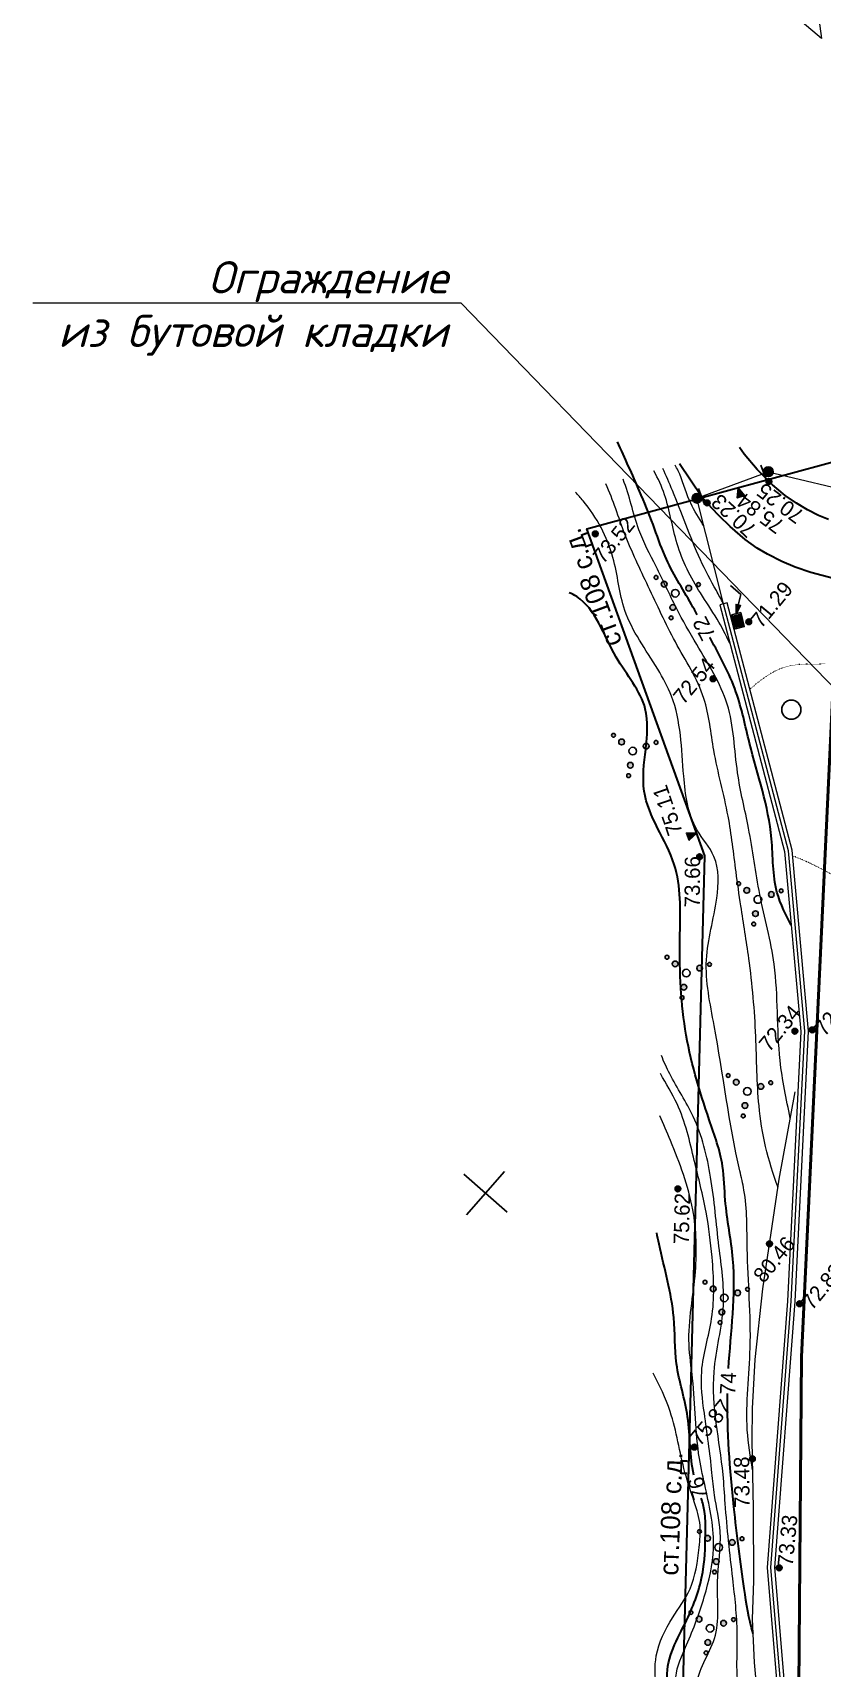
# Model space of a CAD drawing. Header units: millimetres. Extents: x -2893842 to -949497, y -1203244 to 262218.
# Drawn here: x -2483177 to -2441963, y -136624 to -51217 of the extents above; entities that cross this region are included whole.
import ezdxf
from ezdxf import colors
from ezdxf.entities.mleader import LeaderData, LeaderLine
from ezdxf.math import Vec2, Vec3

# ---------------------------------------------------------------- set-up
doc = ezdxf.new("R2010")
doc.units = ezdxf.units.MM
doc.linetypes.add('g5_366', pattern=[0.85, 0.1, -0.75])
doc.layers.get('0').update_dxf_attribs({"lineweight": 5})
for name, color, linetype in [('!!!_ Размеры', 7, 'Continuous'), ('02_сетка', 253, 'Continuous'), ('07_Объекты электропередачи', 253, 'Continuous'), ('10_Границы покрытий и угодий', 253, 'Continuous'), ('12_Рельеф', 253, 'Continuous'), ('13_Растительность', 253, 'Continuous'), ('14_Ограждения', 253, 'Continuous'), ('18_Зарамочное оформление', 253, 'Continuous'), ('19_Горизонтали', 253, 'Continuous'), ('33_Газопровод', 253, 'Continuous'), ('61_Отметки высоты поверхности', 253, 'Continuous'), ('65_Границы', 253, 'Continuous')]:
    doc.layers.add(name, color=color, linetype=linetype)
doc.layers.add('#Dimensions', color=7, linetype='Continuous', lineweight=9)
doc.styles.add('LIKE17', font='d431.shx')
doc.styles.add('LIKE32', font='peteri.shx')
doc.styles.add('LIKE36', font='pragmai.shx')
doc.styles.add('Line_GUGK', font='')
doc.styles.add('STEP PR', font='isocpeui.ttf')
doc.styles.get('Line_GUGK').set_extended_font_data('Bm431', italic=True)
doc.linetypes.add('g5_085a', pattern='A,0.001,[19,GUGK_2005.shx,S=1,R=180,X=0,Y=0],0.5,[18,GUGK_2005.shx,S=6,R=180,X=0,Y=0],0.5', length=1.001)
doc.linetypes.add('g5_121_g', pattern='A,4,-0.4,["Г",Line_GUGK,S=1,R=0,X=0,Y=-0.5],-1.2,12', length=17.6)
doc.linetypes.add('g5_474_3a', pattern='A,1.5,-0.5,0.5,-0.2,[28,GUGK_2005.shx,S=0.8,R=0,X=0,Y=0],-0.2,0.5,-0.5', length=3.9)
doc.linetypes.add('g5_476_2b', pattern='A,2.75,-0.25,[27,GUGK_2005.shx,S=1,R=0,X=0,Y=0],-0.25,2.75', length=6)

# ---------------------------------------------------------------- blocks, each defined once
blk = doc.blocks.new('BL_333')
at = {"color": 0}
for p, q in [((0, -3), (0, 3)), ((-3, 0), (3, 0))]:
    blk.add_line(p, q, dxfattribs=at)
blk = doc.blocks.new('g5_475_5c')
h = blk.add_hatch(color=0)
edge = h.paths.add_edge_path()
edge.add_arc((0, 0), 0.25, 0, 360)
at = {"color": 0}
blk.add_lwpolyline([(0.25, -0.45), (0.25, 0.45)], dxfattribs=at)
blk.add_circle((0, 0), 0.25, dxfattribs=at)
blk = doc.blocks.new('g5_330')
blk.add_hatch(color=0).paths.add_polyline_path([(-0.15, 0, 1), (0.15, 0, 1)])
at = {"color": 0}
blk.add_circle((0, 0), 0.15, dxfattribs=at)
blk = doc.blocks.new('g5_113c')
blk.add_hatch(color=255).paths.add_polyline_path([(-0.331, 0.029), (0.331, 0.029), (0.331, 0.471), (-0.331, 0.471)])
at = {"color": 0}
blk.add_lwpolyline([(-0.375, 0), (0.375, 0), (0.375, 0.5), (-0.375, 0.5)], close=True, dxfattribs=at)
blk = doc.blocks.new('g5_113b')
blk.add_hatch(color=0).paths.add_polyline_path([(0, 0), (0.066, 0.482), (0.285, 0.395)])
at = {"color": 0}
blk.add_lwpolyline([(0.175, 0.439), (0.383, 0.957), (-0.089, 1.496)], dxfattribs=at)
blk.add_lwpolyline([(0, 0), (0.066, 0.482), (0.285, 0.395)], close=True, dxfattribs=at)
blk = doc.blocks.new('g5_368')
at = {"color": 0}
blk.add_circle((0, 0), 0.5, dxfattribs=at)
blk = doc.blocks.new('g5_330a')
blk.add_hatch(color=0).paths.add_polyline_path([(0, 0), (-0.2, 0.5), (0.2, 0.5)])
at = {"color": 0}
blk.add_lwpolyline([(0, 0), (-0.2, 0.5), (0.2, 0.5)], close=True, dxfattribs=at)
blk = doc.blocks.new('g5_395_2')
h = blk.add_hatch(color=0)
h.paths.add_polyline_path([(-0.8, -0.375, 1), (-0.5, -0.375, 1)])
h.paths.add_polyline_path([(-1.026, -0.65, 1), (-1.226, -0.65, 1)])
h.paths.add_polyline_path([(0.8, -0.375, 1), (0.5, -0.375, 1)])
h.paths.add_polyline_path([(1.026, -0.65, 1), (1.226, -0.65, 1)])
h.paths.add_polyline_path([(0.15, 0.75, 1), (-0.15, 0.75, 1)])
h.paths.add_polyline_path([(0.1, 1.3, 1), (-0.1, 1.3, 1)])
at = {"color": 0}
for centre, radius in [((0, 0.75), 0.15), ((0, 1.3), 0.1), ((0, 0), 0.2), ((-1.126, -0.65), 0.1), ((-0.65, -0.375), 0.15), ((0.65, -0.375), 0.15), ((1.126, -0.65), 0.1)]:
    blk.add_circle(centre, radius, dxfattribs=at)
blk = doc.blocks.new('Топо_07.04.17')
at = {"layer": '02_сетка', "linetype": 'Continuous'}
for p, q in [((-529111, 59952), (-526889, 61968)), ((-526992, 59849), (-529008, 62071))]:
    blk.add_line(p, q, dxfattribs=at)
at = {"layer": '10_Границы покрытий и угодий', "color": 7, "linetype": 'Continuous', "lineweight": 30}
for points in [[(-506335, 90801), (-507474, 91258), (-508251, 91623), (-508910, 91987), (-509612, 92451), (-510110, 92838), (-510687, 93355), (-511391, 94113), (-511892, 94736), (-512218, 95173), (-512696, 95835), (-513644, 97657)], [(-506240, 93898), (-506730, 94165), (-507270, 94515), (-507807, 94926), (-508346, 95405), (-508948, 96022), (-509652, 96910), (-510225, 97786), (-510435, 98151)]]:
    blk.add_lwpolyline(points, dxfattribs=at)
at = {"layer": '10_Границы покрытий и угодий', "linetype": 'g5_366', "lineweight": 20}
for points in [[(-507265, 86421), (-507755, 86473), (-507955, 86495), (-508493, 86542), (-508663, 86548), (-509025, 86540), (-509155, 86528), (-509423, 86485), (-509632, 86433), (-509923, 86337), (-510238, 86202), (-510430, 86107), (-510929, 85815), (-511319, 85553)], [(-503632, 73004), (-504184, 73194), (-504594, 73342), (-504928, 73472), (-505108, 73546), (-505458, 73703), (-505731, 73838), (-506067, 74023), (-506432, 74244), (-506748, 74449), (-507268, 74810), (-507603, 75051), (-508071, 75390), (-508429, 75646), (-508900, 75966), (-509084, 76085), (-509410, 76285), (-509705, 76454), (-509705, 76454), (-510079, 76656)]]:
    blk.add_lwpolyline(points, dxfattribs=at)
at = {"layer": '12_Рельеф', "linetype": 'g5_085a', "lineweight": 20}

----

- **WHAT IS NEEDED**: Each record above should be retyped exactly, with no pictures carried over.

- **REPLY TO THE EXERCISE**:
# Model space of a CAD drawing. Header units: millimetres. Extents: x -2893842 to -949497, y -1203244 to 262218.
# Drawn here: x -2483177 to -2441963, y -136624 to -51217 of the extents above; entities that cross this region are included whole.
import ezdxf
from ezdxf import colors
from ezdxf.entities.mleader import LeaderData, LeaderLine
from ezdxf.math import Vec2, Vec3

# ---------------------------------------------------------------- set-up
doc = ezdxf.new("R2010")
doc.units = ezdxf.units.MM
doc.linetypes.add('g5_366', pattern=[0.85, 0.1, -0.75])
doc.layers.get('0').update_dxf_attribs({"lineweight": 5})
for name, color, linetype in [('!!!_ Размеры', 7, 'Continuous'), ('02_сетка', 253, 'Continuous'), ('07_Объекты электропередачи', 253, 'Continuous'), ('10_Границы покрытий и угодий', 253, 'Continuous'), ('12_Рельеф', 253, 'Continuous'), ('13_Растительность', 253, 'Continuous'), ('14_Ограждения', 253, 'Continuous'), ('18_Зарамочное оформление', 253, 'Continuous'), ('19_Горизонтали', 253, 'Continuous'), ('33_Газопровод', 253, 'Continuous'), ('61_Отметки высоты поверхности', 253, 'Continuous'), ('65_Границы', 253, 'Continuous')]:
    doc.layers.add(name, color=color, linetype=linetype)
doc.layers.add('#Dimensions', color=7, linetype='Continuous', lineweight=9)
doc.styles.add('LIKE17', font='d431.shx')
doc.styles.add('LIKE32', font='peteri.shx')
doc.styles.add('LIKE36', font='pragmai.shx')
doc.styles.add('Line_GUGK', font='')
doc.styles.add('STEP PR', font='isocpeui.ttf')
doc.styles.get('Line_GUGK').set_extended_font_data('Bm431', italic=True)
doc.linetypes.add('g5_085a', pattern='A,0.001,[19,GUGK_2005.shx,S=1,R=180,X=0,Y=0],0.5,[18,GUGK_2005.shx,S=6,R=180,X=0,Y=0],0.5', length=1.001)
doc.linetypes.add('g5_121_g', pattern='A,4,-0.4,["Г",Line_GUGK,S=1,R=0,X=0,Y=-0.5],-1.2,12', length=17.6)
doc.linetypes.add('g5_474_3a', pattern='A,1.5,-0.5,0.5,-0.2,[28,GUGK_2005.shx,S=0.8,R=0,X=0,Y=0],-0.2,0.5,-0.5', length=3.9)
doc.linetypes.add('g5_476_2b', pattern='A,2.75,-0.25,[27,GUGK_2005.shx,S=1,R=0,X=0,Y=0],-0.25,2.75', length=6)

# ---------------------------------------------------------------- blocks, each defined once
blk = doc.blocks.new('BL_333')
at = {"color": 0}
for p, q in [((0, -3), (0, 3)), ((-3, 0), (3, 0))]:
    blk.add_line(p, q, dxfattribs=at)
blk = doc.blocks.new('g5_475_5c')
h = blk.add_hatch(color=0)
edge = h.paths.add_edge_path()
edge.add_arc((0, 0), 0.25, 0, 360)
at = {"color": 0}
blk.add_lwpolyline([(0.25, -0.45), (0.25, 0.45)], dxfattribs=at)
blk.add_circle((0, 0), 0.25, dxfattribs=at)
blk = doc.blocks.new('g5_330')
blk.add_hatch(color=0).paths.add_polyline_path([(-0.15, 0, 1), (0.15, 0, 1)])
at = {"color": 0}
blk.add_circle((0, 0), 0.15, dxfattribs=at)
blk = doc.blocks.new('g5_113c')
blk.add_hatch(color=255).paths.add_polyline_path([(-0.331, 0.029), (0.331, 0.029), (0.331, 0.471), (-0.331, 0.471)])
at = {"color": 0}
blk.add_lwpolyline([(-0.375, 0), (0.375, 0), (0.375, 0.5), (-0.375, 0.5)], close=True, dxfattribs=at)
blk = doc.blocks.new('g5_113b')
blk.add_hatch(color=0).paths.add_polyline_path([(0, 0), (0.066, 0.482), (0.285, 0.395)])
at = {"color": 0}
blk.add_lwpolyline([(0.175, 0.439), (0.383, 0.957), (-0.089, 1.496)], dxfattribs=at)
blk.add_lwpolyline([(0, 0), (0.066, 0.482), (0.285, 0.395)], close=True, dxfattribs=at)
blk = doc.blocks.new('g5_368')
at = {"color": 0}
blk.add_circle((0, 0), 0.5, dxfattribs=at)
blk = doc.blocks.new('g5_330a')
blk.add_hatch(color=0).paths.add_polyline_path([(0, 0), (-0.2, 0.5), (0.2, 0.5)])
at = {"color": 0}
blk.add_lwpolyline([(0, 0), (-0.2, 0.5), (0.2, 0.5)], close=True, dxfattribs=at)
blk = doc.blocks.new('g5_395_2')
h = blk.add_hatch(color=0)
h.paths.add_polyline_path([(-0.8, -0.375, 1), (-0.5, -0.375, 1)])
h.paths.add_polyline_path([(-1.026, -0.65, 1), (-1.226, -0.65, 1)])
h.paths.add_polyline_path([(0.8, -0.375, 1), (0.5, -0.375, 1)])
h.paths.add_polyline_path([(1.026, -0.65, 1), (1.226, -0.65, 1)])
h.paths.add_polyline_path([(0.15, 0.75, 1), (-0.15, 0.75, 1)])
h.paths.add_polyline_path([(0.1, 1.3, 1), (-0.1, 1.3, 1)])
at = {"color": 0}
for centre, radius in [((0, 0.75), 0.15), ((0, 1.3), 0.1), ((0, 0), 0.2), ((-1.126, -0.65), 0.1), ((-0.65, -0.375), 0.15), ((0.65, -0.375), 0.15), ((1.126, -0.65), 0.1)]:
    blk.add_circle(centre, radius, dxfattribs=at)
blk = doc.blocks.new('Топо_07.04.17')
at = {"layer": '02_сетка', "linetype": 'Continuous'}
for p, q in [((-529111, 59952), (-526889, 61968)), ((-526992, 59849), (-529008, 62071))]:
    blk.add_line(p, q, dxfattribs=at)
at = {"layer": '10_Границы покрытий и угодий', "color": 7, "linetype": 'Continuous', "lineweight": 30}
for points in [[(-506335, 90801), (-507474, 91258), (-508251, 91623), (-508910, 91987), (-509612, 92451), (-510110, 92838), (-510687, 93355), (-511391, 94113), (-511892, 94736), (-512218, 95173), (-512696, 95835), (-513644, 97657)], [(-506240, 93898), (-506730, 94165), (-507270, 94515), (-507807, 94926), (-508346, 95405), (-508948, 96022), (-509652, 96910), (-510225, 97786), (-510435, 98151)]]:
    blk.add_lwpolyline(points, dxfattribs=at)
at = {"layer": '10_Границы покрытий и угодий', "linetype": 'g5_366', "lineweight": 20}
for points in [[(-507265, 86421), (-507755, 86473), (-507955, 86495), (-508493, 86542), (-508663, 86548), (-509025, 86540), (-509155, 86528), (-509423, 86485), (-509632, 86433), (-509923, 86337), (-510238, 86202), (-510430, 86107), (-510929, 85815), (-511319, 85553)], [(-503632, 73004), (-504184, 73194), (-504594, 73342), (-504928, 73472), (-505108, 73546), (-505458, 73703), (-505731, 73838), (-506067, 74023), (-506432, 74244), (-506748, 74449), (-507268, 74810), (-507603, 75051), (-508071, 75390), (-508429, 75646), (-508900, 75966), (-509084, 76085), (-509410, 76285), (-509705, 76454), (-509705, 76454), (-510079, 76656)]]:
    blk.add_lwpolyline(points, dxfattribs=at)
at = {"layer": '12_Рельеф', "linetype": 'g5_085a', "lineweight": 20}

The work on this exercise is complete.